-------- DATA --------

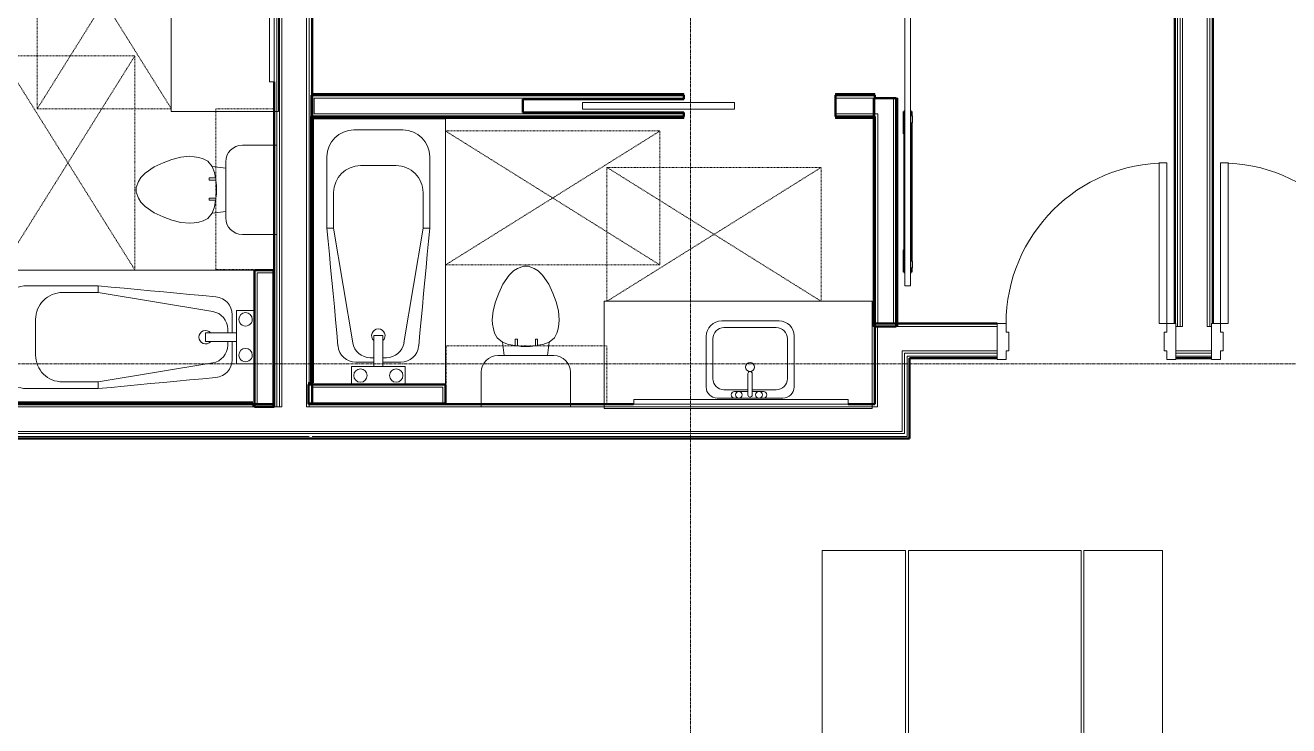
# Model space of a CAD drawing. Header units: inches. Extents: x -4218 to -1830, y 9756 to 12426.
# Drawn here: x -2976.3 to -2693.4, y 10386.1 to 10543 of the extents above; entities that cross this region are included whole.
import ezdxf

# ---------------------------------------------------------------- set-up
doc = ezdxf.new("R2010")
doc.units = ezdxf.units.IN
doc.header["$MEASUREMENT"] = 0
doc.linetypes.add('Dash', pattern=[0.25, 0.125, -0.125])
doc.linetypes.add('Grid Line 1_2_', pattern=[0.875, 0.5, -0.125, 0.125, -0.125])
for name, color, linetype, lineweight in [('0-1', 7, 'Continuous', 5), ('0-2', 252, 'Continuous', 9), ('0-3', 7, 'Continuous', 9), ('A-DOOR-1', 7, 'Continuous', 9), ('A-DOOR-2', 50, 'Continuous', 20), ('A-DOOR-3', 250, 'Continuous', 50), ('A-DOOR-FRAM-1', 50, 'Continuous', 20), ('A-FLOR-3', 7, 'Continuous', 9), ('A-GENM-HDLN-1', 7, 'Dash', 9), ('A-GENM-HDLN-2', 252, 'Dash', 9), ('A-WALL-1', 250, 'Continuous', 50), ('A-WALL-2', 10, 'Continuous', 13), ('A-WALL-3', 253, 'Continuous', 9), ('A-WALL-4', 254, 'Continuous', 9), ('A-WALL-5', 252, 'Continuous', 9), ('A-WALL-6', 7, 'Continuous', 9), ('I-WALL-1', 250, 'Continuous', 50), ('I-WALL-2', 254, 'Continuous', 9), ('I-WALL-3', 253, 'Continuous', 9), ('I-WALL-4', 252, 'Continuous', 9), ('P-SANR-FIXT-1', 7, 'Continuous', 9), ('P-SANR-FIXT-2', 252, 'Continuous', 9), ('P-SANR-FIXT-3', 253, 'Continuous', 9), ('P-SANR-FIXT-5', 254, 'Continuous', 9), ('Q-CASE-2', 252, 'Continuous', 9), ('Q-CASE-3', 7, 'Continuous', 9), ('Q-CASE-5', 254, 'Continuous', 9), ('Q-CASE-6', 7, 'Dash', 9), ('S-GRID-1', 1, 'Grid Line 1_2_', 9)]:
    doc.layers.add(name, color=color, linetype=linetype, lineweight=lineweight)

# ---------------------------------------------------------------- blocks, each defined once
blk = doc.blocks.new('Basic Wall _ INT - W4BØF - _5_8 GYP - 2X4 WOOD_BATT_ - 5_8 GYP_ - ___-2701679-BACKGROUND - 1ST FLOOR')
at = {"layer": 'A-WALL-3'}
for p, q in [((-2786.49, 10566.01), (-2786.2, 10566.01)), ((-2786.2, 10566.01), (-2786.19, 10566.01)), ((-2786.2, 10566.01), (-2786.2, 10566.01)), ((-2786.19, 10566.01), (-2786.14, 10566.01)), ((-2786.42, 10565.86), (-2786.42, 10565.81)), ((-2786.42, 10565.79), (-2786.42, 10565.72)), ((-2786.42, 10565.69), (-2786.42, 10565.6)), ((-2786.49, 10526.66), (-2786.28, 10526.66)), ((-2786.42, 10526.66), (-2786.42, 10523.16)), ((-2786.28, 10526.66), (-2786.2, 10526.66)), ((-2786.2, 10526.66), (-2786.12, 10526.66)), ((-2786.2, 10526.66), (-2786.2, 10526.66)), ((-2786.12, 10526.66), (-2786.07, 10526.66)), ((-2786.07, 10522.54), (-2786.07, 10526.66)), ((-2786.42, 10523.14), (-2786.42, 10522.54)), ((-2786.42, 10522.39), (-2786.42, 10522.34)), ((-2786.42, 10522.34), (-2786.42, 10522.25)), ((-2786.42, 10522.25), (-2786.42, 10522.13)), ((-2786.07, 10475.54), (-2786.12, 10475.54)), ((-2786.07, 10475.54), (-2786.07, 10476.14))]:
    blk.add_line(p, q, dxfattribs=at)
at = {"layer": 'A-WALL-4'}
for p, q in [((-2786.42, 10566.01), (-2786.49, 10566.01)), ((-2786.28, 10566.01), (-2786.42, 10566.01)), ((-2786.21, 10566.01), (-2786.28, 10566.01)), ((-2786.07, 10566.01), (-2786.1, 10566.01)), ((-2786.42, 10526.66), (-2786.49, 10526.66)), ((-2786.28, 10526.66), (-2786.42, 10526.66)), ((-2786.21, 10526.66), (-2786.28, 10526.66)), ((-2786.07, 10526.66), (-2786.1, 10526.66)), ((-2786.1, 10475.54), (-2786.07, 10475.54))]:
    blk.add_line(p, q, dxfattribs=at)
at = {"layer": 'A-WALL-5'}
for p, q in [((-2786.14, 10566.01), (-2786.12, 10566.01)), ((-2786.12, 10566.01), (-2786.07, 10566.01)), ((-2786.07, 10562.66), (-2786.07, 10566.01)), ((-2786.49, 10565.86), (-2786.49, 10565.81)), ((-2786.49, 10565.79), (-2786.49, 10565.72)), ((-2786.49, 10565.7), (-2786.49, 10565.6)), ((-2786.42, 10565.6), (-2786.42, 10562.66)), ((-2786.49, 10562.66), (-2786.42, 10562.66)), ((-2786.42, 10562.66), (-2786.28, 10562.66)), ((-2786.28, 10562.66), (-2786.21, 10562.66)), ((-2786.1, 10562.66), (-2786.07, 10562.66)), ((-2786.49, 10526.66), (-2786.49, 10523.16)), ((-2786.2, 10526.66), (-2786.2, 10523.16)), ((-2786.49, 10523.14), (-2786.49, 10522.54)), ((-2786.49, 10522.39), (-2786.49, 10522.34)), ((-2786.49, 10522.34), (-2786.49, 10522.25)), ((-2786.49, 10522.25), (-2786.49, 10522.13)), ((-2786.42, 10522.13), (-2786.42, 10475.54)), ((-2786.2, 10523.16), (-2786.2, 10522.54)), ((-2786.07, 10476.16), (-2786.07, 10522.54)), ((-2786.49, 10475.54), (-2786.42, 10475.54)), ((-2786.42, 10475.54), (-2786.28, 10475.54)), ((-2786.28, 10475.54), (-2786.21, 10475.54))]:
    blk.add_line(p, q, dxfattribs=at)
at = {"layer": 'A-WALL-6'}
for p, q in [((-2786.2, 10566.01), (-2786.2, 10562.66)), ((-2786.49, 10565.6), (-2786.49, 10562.66)), ((-2786.2, 10562.66), (-2786.49, 10562.66)), ((-2786.12, 10562.66), (-2786.2, 10562.66)), ((-2786.07, 10562.66), (-2786.12, 10562.66)), ((-2786.49, 10522.13), (-2786.49, 10475.54)), ((-2786.2, 10522.54), (-2786.2, 10475.54)), ((-2786.2, 10475.54), (-2786.49, 10475.54)), ((-2786.12, 10475.54), (-2786.2, 10475.54))]:
    blk.add_line(p, q, dxfattribs=at)
blk = doc.blocks.new('Basic Wall _ INT - W4BØF - _5_8 GYP - 2X4 WOOD_BATT_ - 5_8 GYP_ - ___-2701680-BACKGROUND - 1ST FLOOR')
at = {"layer": 'A-WALL-3'}
for p, q in [((-2781.26, 10566.01), (-2781.24, 10566.01)), ((-2781.24, 10566.01), (-2781.2, 10566.01)), ((-2781.2, 10566.01), (-2781.2, 10566.01)), ((-2781.2, 10566.01), (-2780.91, 10566.01)), ((-2780.97, 10565.78), (-2780.97, 10565.72)), ((-2780.97, 10565.68), (-2780.97, 10565.6)), ((-2781.32, 10475.54), (-2781.32, 10476.16)), ((-2781.28, 10475.54), (-2781.32, 10475.54)), ((-2781.22, 10475.54), (-2781.28, 10475.54)), ((-2781.21, 10475.54), (-2781.22, 10475.54)), ((-2781.2, 10475.54), (-2781.21, 10475.54)), ((-2781.18, 10475.54), (-2781.2, 10475.54)), ((-2781.12, 10475.54), (-2781.18, 10475.54)), ((-2780.91, 10475.54), (-2781.12, 10475.54)), ((-2780.97, 10476.16), (-2780.97, 10475.54))]:
    blk.add_line(p, q, dxfattribs=at)
at = {"layer": 'A-WALL-4'}
for p, q in [((-2781.3, 10566.01), (-2781.32, 10566.01)), ((-2781.12, 10566.01), (-2781.18, 10566.01)), ((-2780.97, 10566.01), (-2781.12, 10566.01)), ((-2780.91, 10566.01), (-2780.97, 10566.01)), ((-2781.32, 10475.54), (-2781.3, 10475.54)), ((-2781.18, 10475.54), (-2781.12, 10475.54)), ((-2781.12, 10475.54), (-2780.97, 10475.54)), ((-2780.97, 10475.54), (-2780.91, 10475.54))]:
    blk.add_line(p, q, dxfattribs=at)
at = {"layer": 'A-WALL-5'}
for p, q in [((-2781.32, 10566.01), (-2781.28, 10566.01)), ((-2781.32, 10562.66), (-2781.32, 10566.01)), ((-2781.28, 10566.01), (-2781.26, 10566.01)), ((-2780.97, 10565.6), (-2780.97, 10562.66)), ((-2780.91, 10565.78), (-2780.91, 10565.72)), ((-2780.91, 10565.68), (-2780.91, 10565.6)), ((-2781.32, 10562.66), (-2781.3, 10562.66)), ((-2781.18, 10562.66), (-2781.12, 10562.66)), ((-2781.12, 10562.66), (-2780.97, 10562.66)), ((-2780.97, 10562.66), (-2780.91, 10562.66)), ((-2781.3, 10526.66), (-2781.32, 10526.66)), ((-2781.32, 10476.16), (-2781.32, 10526.66)), ((-2781.12, 10526.66), (-2781.18, 10526.66)), ((-2780.97, 10526.66), (-2781.12, 10526.66)), ((-2780.91, 10526.66), (-2780.97, 10526.66)), ((-2780.97, 10526.66), (-2780.97, 10476.16)), ((-2781.2, 10475.54), (-2781.2, 10476.16)), ((-2780.91, 10476.16), (-2780.91, 10475.54))]:
    blk.add_line(p, q, dxfattribs=at)
at = {"layer": 'A-WALL-6'}
for p, q in [((-2781.2, 10562.66), (-2781.2, 10566.01)), ((-2780.91, 10565.6), (-2780.91, 10562.66)), ((-2781.28, 10562.66), (-2781.32, 10562.66)), ((-2781.2, 10562.66), (-2781.28, 10562.66)), ((-2780.91, 10562.66), (-2781.2, 10562.66)), ((-2781.32, 10526.66), (-2781.28, 10526.66)), ((-2781.28, 10526.66), (-2781.2, 10526.66)), ((-2781.2, 10476.16), (-2781.2, 10526.66)), ((-2781.2, 10526.66), (-2780.91, 10526.66)), ((-2780.91, 10526.66), (-2780.91, 10476.16))]:
    blk.add_line(p, q, dxfattribs=at)
blk = doc.blocks.new('Basic Wall _ INT - W4BØF - _5_8 GYP - 2X4 WOOD_BATT_ - 5_8 GYP_ - ___-2701682-BACKGROUND - 1ST FLOOR')
at = {"layer": 'A-WALL-3'}
for p, q in [((-2786.49, 10522.19), (-2786.38, 10522.19)), ((-2786.37, 10522.19), (-2786.28, 10522.19)), ((-2786.28, 10522.19), (-2786.22, 10522.19)), ((-2786.07, 10522.48), (-2786.07, 10522.42)), ((-2786.07, 10522.42), (-2786.07, 10522.41)), ((-2786.07, 10522.41), (-2786.07, 10522.13))]:
    blk.add_line(p, q, dxfattribs=at)
at = {"layer": 'A-WALL-4'}
for p, q in [((-2786.07, 10522.52), (-2786.07, 10522.54)), ((-2786.07, 10522.34), (-2786.07, 10522.4)), ((-2786.07, 10522.19), (-2786.07, 10522.33)), ((-2786.07, 10522.13), (-2786.07, 10522.19))]:
    blk.add_line(p, q, dxfattribs=at)
at = {"layer": 'A-WALL-5'}
for p, q in [((-2828.87, 10522.54), (-2882.23, 10522.54)), ((-2882.23, 10522.19), (-2828.87, 10522.19)), ((-2828.87, 10522.52), (-2828.87, 10522.54)), ((-2828.87, 10522.34), (-2828.87, 10522.4)), ((-2828.87, 10522.19), (-2828.87, 10522.33)), ((-2828.87, 10522.13), (-2828.87, 10522.19)), ((-2794.87, 10522.54), (-2794.87, 10522.52)), ((-2786.07, 10522.54), (-2794.87, 10522.54)), ((-2794.87, 10522.4), (-2794.87, 10522.34)), ((-2794.87, 10522.33), (-2794.87, 10522.19)), ((-2794.87, 10522.19), (-2794.87, 10522.13)), ((-2794.87, 10522.19), (-2786.49, 10522.19)), ((-2786.49, 10522.13), (-2786.38, 10522.13)), ((-2786.37, 10522.13), (-2786.28, 10522.13)), ((-2786.28, 10522.13), (-2786.22, 10522.13)), ((-2786.07, 10522.54), (-2786.07, 10522.5)), ((-2786.07, 10522.5), (-2786.07, 10522.48))]:
    blk.add_line(p, q, dxfattribs=at)
at = {"layer": 'A-WALL-6'}
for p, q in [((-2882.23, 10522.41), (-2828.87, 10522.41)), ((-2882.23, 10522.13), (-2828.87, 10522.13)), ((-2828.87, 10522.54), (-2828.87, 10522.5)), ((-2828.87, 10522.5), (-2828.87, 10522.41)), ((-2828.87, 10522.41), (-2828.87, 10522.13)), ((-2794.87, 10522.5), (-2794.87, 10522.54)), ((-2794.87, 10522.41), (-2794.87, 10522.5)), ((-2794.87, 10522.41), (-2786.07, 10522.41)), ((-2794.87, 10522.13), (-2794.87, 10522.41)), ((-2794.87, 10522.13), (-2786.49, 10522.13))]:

--------

WHAT YOU HAVE TO DO: Taking the entries above, write out exactly the lines starting with the line containing "# Drawn here: x" and going on through the line containing "-0.125, 0.125, -0.125])", both included, and nothing else.

SOLUTION TO THIS EXERCISE:
# Drawn here: x -2976.3 to -2693.4, y 10386.1 to 10543 of the extents above; entities that cross this region are included whole.
import ezdxf

# ---------------------------------------------------------------- set-up
doc = ezdxf.new("R2010")
doc.units = ezdxf.units.IN
doc.header["$MEASUREMENT"] = 0
doc.linetypes.add('Dash', pattern=[0.25, 0.125, -0.125])
doc.linetypes.add('Grid Line 1_2_', pattern=[0.875, 0.5, -0.125, 0.125, -0.125])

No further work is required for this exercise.